## Provided entries
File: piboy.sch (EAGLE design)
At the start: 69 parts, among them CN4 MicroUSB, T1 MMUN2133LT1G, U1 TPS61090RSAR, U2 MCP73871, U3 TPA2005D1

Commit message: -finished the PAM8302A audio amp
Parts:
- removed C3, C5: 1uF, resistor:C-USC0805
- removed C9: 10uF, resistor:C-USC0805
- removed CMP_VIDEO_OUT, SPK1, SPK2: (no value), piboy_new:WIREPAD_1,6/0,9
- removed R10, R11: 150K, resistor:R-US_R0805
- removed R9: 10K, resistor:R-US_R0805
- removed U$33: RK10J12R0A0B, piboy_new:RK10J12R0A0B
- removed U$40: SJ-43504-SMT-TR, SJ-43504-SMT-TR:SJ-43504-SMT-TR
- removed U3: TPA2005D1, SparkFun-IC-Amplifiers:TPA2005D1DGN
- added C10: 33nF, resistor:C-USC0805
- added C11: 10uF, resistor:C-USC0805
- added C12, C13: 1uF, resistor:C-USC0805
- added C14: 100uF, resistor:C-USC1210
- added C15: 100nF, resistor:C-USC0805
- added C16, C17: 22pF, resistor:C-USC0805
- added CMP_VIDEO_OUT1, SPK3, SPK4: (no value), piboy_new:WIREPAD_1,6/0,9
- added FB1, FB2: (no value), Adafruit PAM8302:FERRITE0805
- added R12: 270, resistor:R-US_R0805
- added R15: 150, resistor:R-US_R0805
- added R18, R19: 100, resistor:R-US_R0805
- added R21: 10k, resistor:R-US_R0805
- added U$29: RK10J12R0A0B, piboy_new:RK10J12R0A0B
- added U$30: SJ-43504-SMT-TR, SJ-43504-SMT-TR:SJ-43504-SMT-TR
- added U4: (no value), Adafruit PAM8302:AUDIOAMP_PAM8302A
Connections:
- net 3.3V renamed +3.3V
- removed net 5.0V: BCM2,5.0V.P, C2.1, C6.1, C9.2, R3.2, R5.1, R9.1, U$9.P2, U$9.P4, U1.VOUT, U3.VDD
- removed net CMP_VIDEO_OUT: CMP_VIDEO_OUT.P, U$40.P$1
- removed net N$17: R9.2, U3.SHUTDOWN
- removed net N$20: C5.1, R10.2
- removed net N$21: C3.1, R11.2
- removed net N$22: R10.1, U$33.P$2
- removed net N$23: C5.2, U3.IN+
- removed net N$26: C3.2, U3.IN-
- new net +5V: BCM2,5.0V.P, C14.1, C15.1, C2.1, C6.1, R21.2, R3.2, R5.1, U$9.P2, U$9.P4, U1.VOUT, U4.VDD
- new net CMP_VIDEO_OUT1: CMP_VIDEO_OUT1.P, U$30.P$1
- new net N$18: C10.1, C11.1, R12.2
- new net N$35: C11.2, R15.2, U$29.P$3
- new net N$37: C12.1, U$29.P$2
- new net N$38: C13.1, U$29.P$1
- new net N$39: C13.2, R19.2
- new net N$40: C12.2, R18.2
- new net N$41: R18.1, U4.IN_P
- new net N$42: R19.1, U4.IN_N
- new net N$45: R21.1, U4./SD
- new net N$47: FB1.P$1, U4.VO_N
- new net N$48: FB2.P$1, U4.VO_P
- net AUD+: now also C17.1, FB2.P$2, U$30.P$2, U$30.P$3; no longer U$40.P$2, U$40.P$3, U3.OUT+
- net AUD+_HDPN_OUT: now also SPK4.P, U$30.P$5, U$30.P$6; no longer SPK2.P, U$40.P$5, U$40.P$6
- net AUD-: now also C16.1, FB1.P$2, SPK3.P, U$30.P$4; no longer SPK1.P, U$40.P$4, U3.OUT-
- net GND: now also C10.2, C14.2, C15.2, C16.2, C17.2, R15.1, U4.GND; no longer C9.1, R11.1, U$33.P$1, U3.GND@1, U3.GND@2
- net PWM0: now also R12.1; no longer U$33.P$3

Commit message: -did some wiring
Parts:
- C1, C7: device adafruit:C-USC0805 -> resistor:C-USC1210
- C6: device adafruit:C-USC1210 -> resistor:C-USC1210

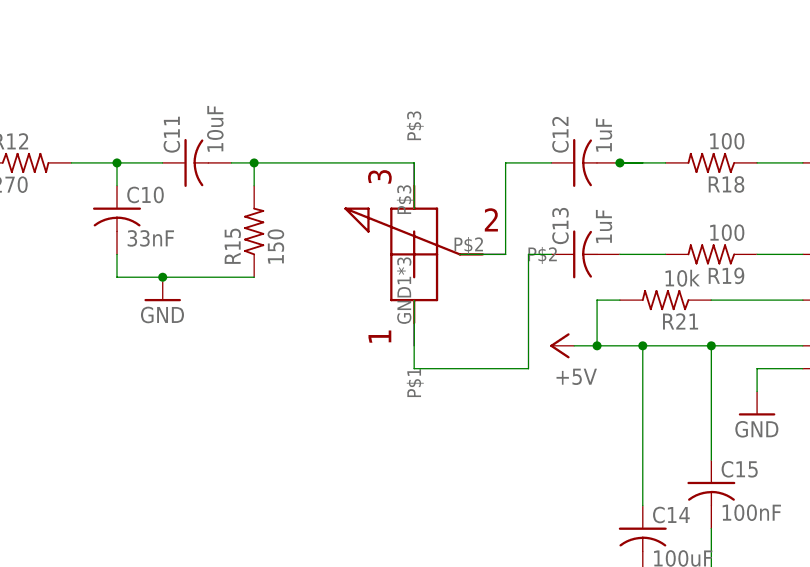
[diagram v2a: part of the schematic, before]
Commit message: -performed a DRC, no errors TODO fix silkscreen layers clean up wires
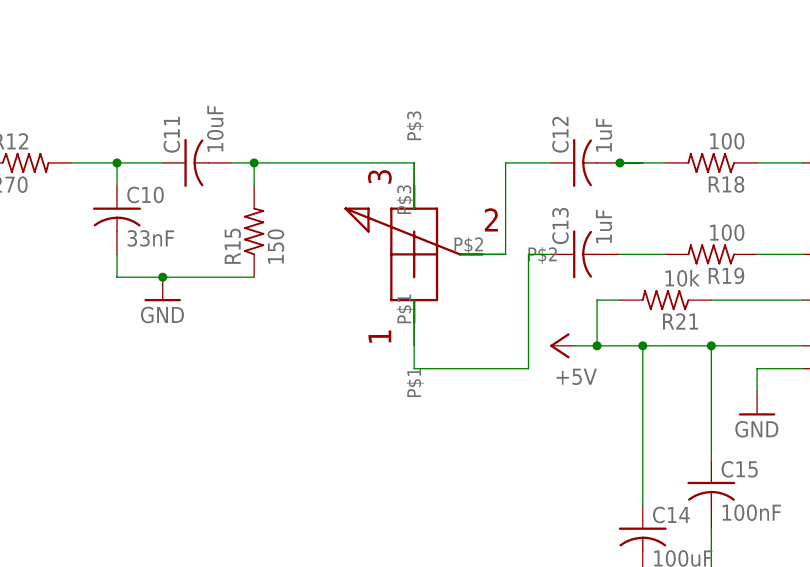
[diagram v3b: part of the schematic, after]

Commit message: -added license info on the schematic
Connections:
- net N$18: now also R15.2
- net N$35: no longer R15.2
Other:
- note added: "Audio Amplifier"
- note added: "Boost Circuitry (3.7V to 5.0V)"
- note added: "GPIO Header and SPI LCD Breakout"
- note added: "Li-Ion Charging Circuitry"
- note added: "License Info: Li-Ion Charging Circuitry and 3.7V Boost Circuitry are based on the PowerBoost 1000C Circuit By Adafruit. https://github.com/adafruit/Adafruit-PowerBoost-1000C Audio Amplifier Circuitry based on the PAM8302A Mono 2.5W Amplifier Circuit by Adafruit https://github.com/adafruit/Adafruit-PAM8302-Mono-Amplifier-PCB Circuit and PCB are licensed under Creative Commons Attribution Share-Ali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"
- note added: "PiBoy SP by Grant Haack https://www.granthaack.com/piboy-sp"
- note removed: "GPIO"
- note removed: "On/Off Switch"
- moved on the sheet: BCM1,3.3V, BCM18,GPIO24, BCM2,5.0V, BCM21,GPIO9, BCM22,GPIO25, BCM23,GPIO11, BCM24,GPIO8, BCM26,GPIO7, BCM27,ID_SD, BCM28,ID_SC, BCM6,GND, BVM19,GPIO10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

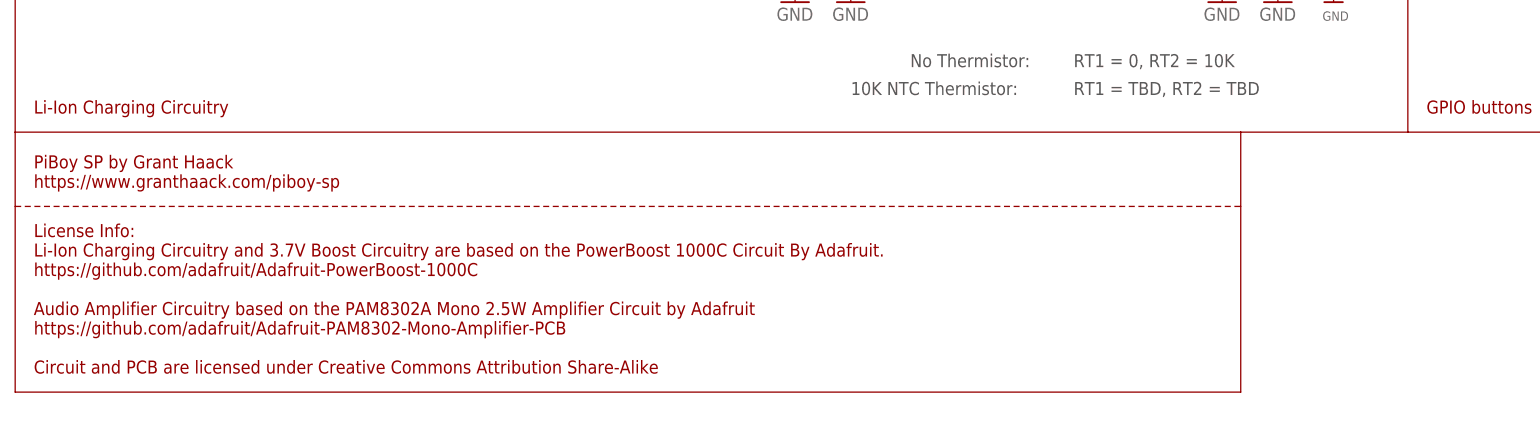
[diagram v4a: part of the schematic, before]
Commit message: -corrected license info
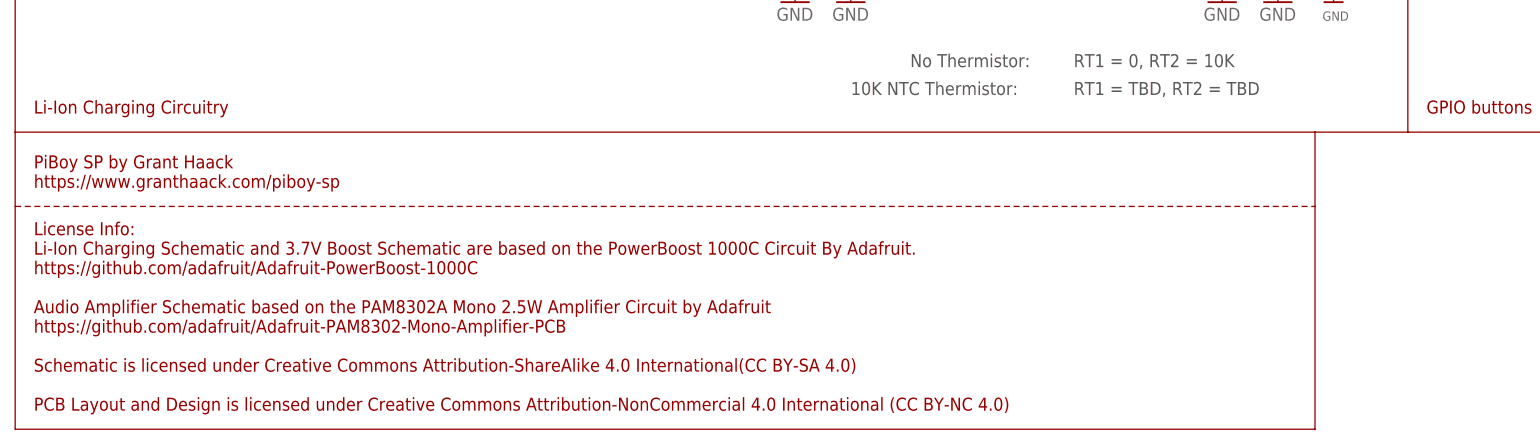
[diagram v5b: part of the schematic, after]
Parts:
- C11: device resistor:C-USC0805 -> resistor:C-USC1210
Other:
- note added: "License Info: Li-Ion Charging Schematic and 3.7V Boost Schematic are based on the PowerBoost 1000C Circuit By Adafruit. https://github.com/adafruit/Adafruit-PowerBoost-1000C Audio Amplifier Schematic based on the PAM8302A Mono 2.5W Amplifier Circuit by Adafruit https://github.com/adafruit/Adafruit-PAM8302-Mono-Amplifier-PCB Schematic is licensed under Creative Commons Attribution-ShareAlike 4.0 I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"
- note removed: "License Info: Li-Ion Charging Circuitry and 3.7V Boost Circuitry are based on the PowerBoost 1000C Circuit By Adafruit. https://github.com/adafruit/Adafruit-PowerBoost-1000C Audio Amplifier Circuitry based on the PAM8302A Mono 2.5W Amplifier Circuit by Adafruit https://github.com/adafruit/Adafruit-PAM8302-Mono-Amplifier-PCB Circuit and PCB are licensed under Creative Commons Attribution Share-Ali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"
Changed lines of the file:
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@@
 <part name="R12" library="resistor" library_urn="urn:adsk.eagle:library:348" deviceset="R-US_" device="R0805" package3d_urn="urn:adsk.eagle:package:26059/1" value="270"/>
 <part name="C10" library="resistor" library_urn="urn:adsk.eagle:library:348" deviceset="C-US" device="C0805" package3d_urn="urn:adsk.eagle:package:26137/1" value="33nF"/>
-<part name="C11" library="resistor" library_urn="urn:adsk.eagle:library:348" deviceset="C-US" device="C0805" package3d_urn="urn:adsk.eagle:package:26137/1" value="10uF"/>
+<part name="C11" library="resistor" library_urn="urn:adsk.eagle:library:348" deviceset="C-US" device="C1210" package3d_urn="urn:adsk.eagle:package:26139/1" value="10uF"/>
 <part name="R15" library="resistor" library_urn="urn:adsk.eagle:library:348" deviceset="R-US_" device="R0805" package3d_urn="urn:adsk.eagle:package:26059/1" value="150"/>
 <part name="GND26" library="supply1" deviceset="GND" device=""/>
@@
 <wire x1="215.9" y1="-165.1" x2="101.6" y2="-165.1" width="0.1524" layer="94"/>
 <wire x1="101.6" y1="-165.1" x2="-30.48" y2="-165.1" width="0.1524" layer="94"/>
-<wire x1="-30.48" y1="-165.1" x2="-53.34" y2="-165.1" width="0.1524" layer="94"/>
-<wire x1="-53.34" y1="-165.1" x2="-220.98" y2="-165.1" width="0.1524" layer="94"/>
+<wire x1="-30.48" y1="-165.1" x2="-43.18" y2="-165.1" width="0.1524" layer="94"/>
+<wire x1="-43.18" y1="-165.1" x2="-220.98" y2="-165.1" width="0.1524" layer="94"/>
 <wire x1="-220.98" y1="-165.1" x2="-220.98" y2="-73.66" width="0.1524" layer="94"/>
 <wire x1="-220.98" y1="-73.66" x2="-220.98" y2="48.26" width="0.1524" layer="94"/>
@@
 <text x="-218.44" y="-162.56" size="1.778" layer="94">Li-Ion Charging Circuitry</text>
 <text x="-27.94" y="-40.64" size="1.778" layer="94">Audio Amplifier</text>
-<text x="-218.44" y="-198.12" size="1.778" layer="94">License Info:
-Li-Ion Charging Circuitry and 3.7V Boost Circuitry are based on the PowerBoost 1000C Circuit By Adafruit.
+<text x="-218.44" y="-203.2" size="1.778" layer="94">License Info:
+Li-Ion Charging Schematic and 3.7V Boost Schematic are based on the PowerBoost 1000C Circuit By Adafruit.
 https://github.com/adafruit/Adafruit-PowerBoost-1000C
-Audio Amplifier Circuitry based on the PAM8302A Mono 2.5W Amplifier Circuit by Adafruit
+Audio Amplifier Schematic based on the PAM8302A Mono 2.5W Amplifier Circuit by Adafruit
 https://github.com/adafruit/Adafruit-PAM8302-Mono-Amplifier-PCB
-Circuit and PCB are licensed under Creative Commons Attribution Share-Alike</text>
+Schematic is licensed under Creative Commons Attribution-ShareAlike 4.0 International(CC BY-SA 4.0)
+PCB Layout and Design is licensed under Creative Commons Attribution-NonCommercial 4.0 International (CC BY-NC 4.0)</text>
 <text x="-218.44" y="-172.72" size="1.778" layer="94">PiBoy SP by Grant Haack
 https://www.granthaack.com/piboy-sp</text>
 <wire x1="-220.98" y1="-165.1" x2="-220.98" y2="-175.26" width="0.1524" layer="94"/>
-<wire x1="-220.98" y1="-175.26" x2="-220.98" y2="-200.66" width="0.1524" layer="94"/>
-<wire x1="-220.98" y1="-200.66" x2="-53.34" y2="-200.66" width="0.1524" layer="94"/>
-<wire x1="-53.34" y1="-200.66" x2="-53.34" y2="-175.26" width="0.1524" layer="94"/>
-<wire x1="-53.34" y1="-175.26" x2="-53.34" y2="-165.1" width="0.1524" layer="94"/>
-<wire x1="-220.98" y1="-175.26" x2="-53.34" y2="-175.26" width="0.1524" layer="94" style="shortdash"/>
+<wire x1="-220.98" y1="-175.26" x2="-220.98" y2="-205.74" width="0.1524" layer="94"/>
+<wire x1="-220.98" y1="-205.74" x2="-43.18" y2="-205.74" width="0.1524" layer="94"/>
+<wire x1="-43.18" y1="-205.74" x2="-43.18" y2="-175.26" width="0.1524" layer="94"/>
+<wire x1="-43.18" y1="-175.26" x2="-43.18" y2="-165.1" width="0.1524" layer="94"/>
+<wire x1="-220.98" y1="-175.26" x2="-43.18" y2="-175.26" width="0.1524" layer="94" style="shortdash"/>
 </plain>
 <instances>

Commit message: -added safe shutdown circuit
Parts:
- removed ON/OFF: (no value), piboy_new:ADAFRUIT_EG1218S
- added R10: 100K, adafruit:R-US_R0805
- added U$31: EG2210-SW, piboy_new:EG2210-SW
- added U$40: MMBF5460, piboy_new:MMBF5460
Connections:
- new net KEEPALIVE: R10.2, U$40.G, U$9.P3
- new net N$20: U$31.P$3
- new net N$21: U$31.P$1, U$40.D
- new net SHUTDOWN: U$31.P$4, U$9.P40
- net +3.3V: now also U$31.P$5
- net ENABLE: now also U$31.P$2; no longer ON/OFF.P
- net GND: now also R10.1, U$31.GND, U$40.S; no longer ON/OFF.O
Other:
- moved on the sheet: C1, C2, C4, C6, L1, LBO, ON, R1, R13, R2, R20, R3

## Exercise description
Out of the material above, output word for word the line with "- added R12: 270, resistor:R-US_R0805", the line with "U$9.P4, U1.VOUT, U4.VDD", and all lines between them, with nothing else.

## Written answer
- added R12: 270, resistor:R-US_R0805
- added R15: 150, resistor:R-US_R0805
- added R18, R19: 100, resistor:R-US_R0805
- added R21: 10k, resistor:R-US_R0805
- added U$29: RK10J12R0A0B, piboy_new:RK10J12R0A0B
- added U$30: SJ-43504-SMT-TR, SJ-43504-SMT-TR:SJ-43504-SMT-TR
- added U4: (no value), Adafruit PAM8302:AUDIOAMP_PAM8302A
Connections:
- net 3.3V renamed +3.3V
- removed net 5.0V: BCM2,5.0V.P, C2.1, C6.1, C9.2, R3.2, R5.1, R9.1, U$9.P2, U$9.P4, U1.VOUT, U3.VDD
- removed net CMP_VIDEO_OUT: CMP_VIDEO_OUT.P, U$40.P$1
- removed net N$17: R9.2, U3.SHUTDOWN
- removed net N$20: C5.1, R10.2
- removed net N$21: C3.1, R11.2
- removed net N$22: R10.1, U$33.P$2
- removed net N$23: C5.2, U3.IN+
- removed net N$26: C3.2, U3.IN-
- new net +5V: BCM2,5.0V.P, C14.1, C15.1, C2.1, C6.1, R21.2, R3.2, R5.1, U$9.P2, U$9.P4, U1.VOUT, U4.VDD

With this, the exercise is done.